/lua-di

Dependency injection library for Lua that supports constructor based injection.

Primary LanguageLuaMIT LicenseMIT

lua-di

Dependency injection library for Lua that supports constructor based injection.

  • Map constructor parameter names to Lua packages and constant values
  • Configure providers to dynamically build parameter types
  • Support for configuring types to be kept in singleton scope
  • Zero configuration/customisation of application required, exept for main module configuration itself

Install

Get this library using luarocks: http://luarocks.org/modules/djfdyuruiry/lua-di


Example

Given you have the following classes:

-- example/Printer.lua
local Printer = {}
Printer.__index = Printer

function Printer.new()
    return setmetatable({}, Printer)
end

function Printer.write(self, ...)
    print(...)
end

return Printer
-- example/App.lua
local App = {}
App.__index = App

function App.new(appConfig, printer, writer, message)
    return setmetatable(
    {
        appConfig = appConfig,
        printer = printer,
        writer = writer,
        message = message
    }, App)
end

function App.run(self)
    self.printer:write("Hello World")
    self.writer(self.message)

    print(self.appConfig.logPath)
end

return App

You can configure all your dependencies in one function, then build your application:

local DependencyInjectionModule = require "lua-di.DependencyInjectionModule"

-- build and configure your app module
local appModule = DependencyInjectionModule(function(config)
    -- bind constructor parameter names to Lua modules
    config.bindings.types.printer = "example.Printer"

    -- bind constructor parameter to constant value
    config.bindings.values.message = "Orders Recieved Captain"

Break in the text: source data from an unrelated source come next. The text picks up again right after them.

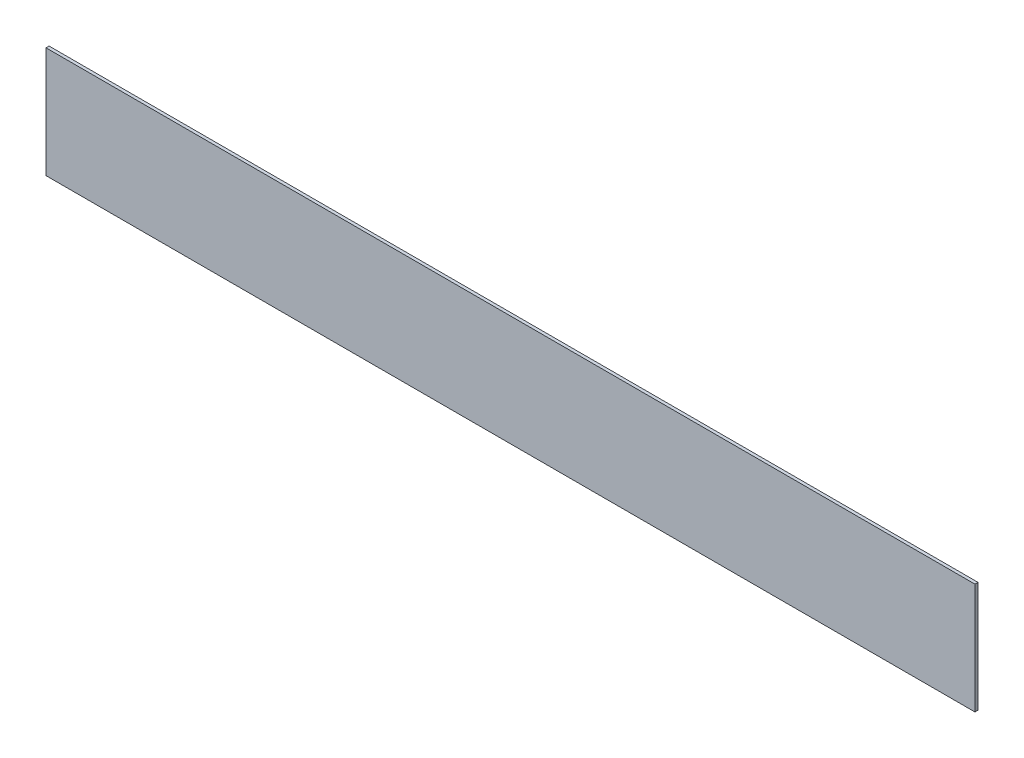
SolidWorks part; units mm, degrees
ref_plane "Front Plane" through (0, 0, 0) normal (0, 0, 1) x (1, 0, 0)
ref_plane "Top Plane" through (0, 0, 0) normal (0, 1, 0) x (1, 0, 0)
ref_plane "Right Plane" through (0, 0, 0) normal (1, 0, 0) x (0, 0, -1)
other "Configuration Table"
sketch "Sketch1" plane through (0, 0, 0) normal (0, 0, 1) x (1, 0, 0)
  line L1 (158, 27) -> (460, 27)
  line L2 (158, 27) -> (158, 63)
  line L3 (158, 63) -> (460, 63)
  line L4 (460, 27) -> (460, 63)
extrude "CEK_donmus_kulp_cukuru_1.0_1" add sketch "Sketch1" along normal blind 1 from offset 26 separate body
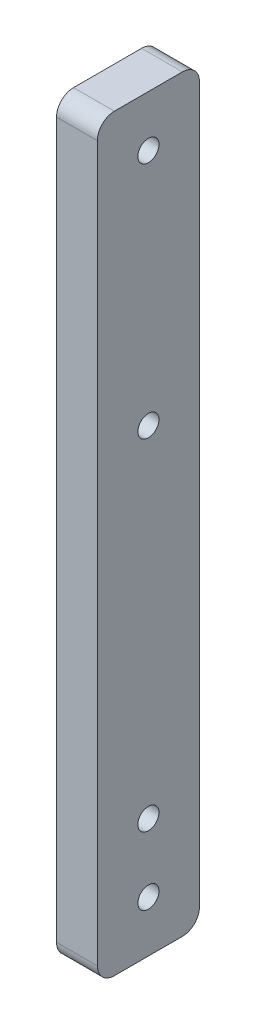
SolidWorks part; units mm, degrees
ref_plane "Front Plane" through (0, 0, 0) normal (0, 0, 1) x (1, 0, 0)
ref_plane "Top Plane" through (0, 0, 0) normal (0, 1, 0) x (1, 0, 0)
ref_plane "Right Plane" through (0, 0, 0) normal (1, 0, 0) x (0, 0, -1)
sketch "Sketch1" plane through (0, 0, 0) normal (1, 0, 0) x (0, 0, -1)
  line L0 (10, 0) -> (10, 190) construction
  line L1 (-10, 190) -> (-10, 0) construction
  line L2 (0, 190) -> (0, 205) construction
  line L3 (-15, 205) -> (15, 205)
  line L4 (-15, 205) -> (-15, -15)
  line L5 (-15, -15) -> (15, -15)
  line L6 (15, 205) -> (15, -15)
  line L7 (0, 190) -> (15, 190) construction
  line L8 (0, 190) -> (-15, 190) construction
  line L9 (0, 0) -> (0, -15) construction
  circle A0 centre (0, 0) radius 3.1
  circle A1 centre (0, 20) radius 3.1
  circle A2 centre (0, 120) radius 3.1
  circle A3 centre (0, 190) radius 3.1
  arc A4 (10, 190) -> (-10, 190) centre (0, 190) ccw construction
  arc A5 (-10, 0) -> (10, 0) centre (0, 0) ccw construction
  point P17 (-17.9074, 207.9074)
  dimension "D1" = 6.2
  dimension "D5" = 10
  dimension "D2" = 20
  dimension "D3" = 100
  dimension "D4" = 70
  dimension "D6" = 15
extrude "Boss-Extrude1" add sketch "Sketch1" along normal blind 12 contours L1 A5 L0 A4
fillet "Fillet1" radius 5 4 edges at (6, -15, 15) (6, -15, -15) (6, 205, 15) (6, 205, -15)

    -- parameter values can be of any type
    config.bindings.values.writer = function(...)
        print(...)
    end
  
    -- bind constructor parameter name to custom type (not a Lua module)
    config.bindings.types.appConfig = "AppConfig"
  
    -- define a provider for your custom type (either a builder function or a constant)
    -- (you can also provide instances for a Lua Package name in config.providers if you wish)
    config.providers.AppConfig = function()
        return
        {
            logPath = "/var/log/app.log",
            counter = 5
        }
    end
    
    -- make injected AppConfig instance a singleton
    config.singletons.AppConfig = true
end)

-- build an instance of the entry point class, injecting your dependencies
local app = appModule.getInstance("example.App")

app:run()

You can also enable the auto configure option to parse Lua modules using parameter names, following the pattern module__full__path__type for your constructor parameters; note this is case sensitive.

Given this class:

-- example/AutoApp.lua
local AutoApp = {}
AutoApp.__index = AutoApp

function AutoApp.new(example__Printer)
    return setmetatable(
    {
        -- given there exists a class in 'example/Printer.lua'
        printer = example__Printer
    }, AutoApp)
end

function AutoApp.run(self)
    self.printer:write("Auto Hello World")
end

return AutoApp

You can enable autoconfiguration like so:

local DependencyInjectionModule = require "lua-di.DependencyInjectionModule"

local autoAppModule = DependencyInjectionModule(function(config)
    config.enableAutoConfiguration()
end)

local autoApp = autoAppModule.getInstance("example.AutoApp")

autoApp:run()

Note this library supports both standard Lua classes and functional style classes:

Lua Classes

-- SomeClass.lua
local SomeClass = {}
SomeClass.__index = SomeClass

function SomeClass.new(val)
    return setmetatable({}, SomeClass)
end

function SomeClass.method(self)
    -- do stuff
end

return SomeClass

declaration: local instance = SomeClass.new(val)

Functional Style

local SomeClass = function(val)
    local iAmPrivate = "secretStuff"

    local method = function()
        -- do stuff
    end

    return 
    {
        method = method
    }
end

return SomeClass

declaration: local instance = SomeClass(val)


See the example app in example.lua to get a full view of how to configure an application to use this Dependency injection library.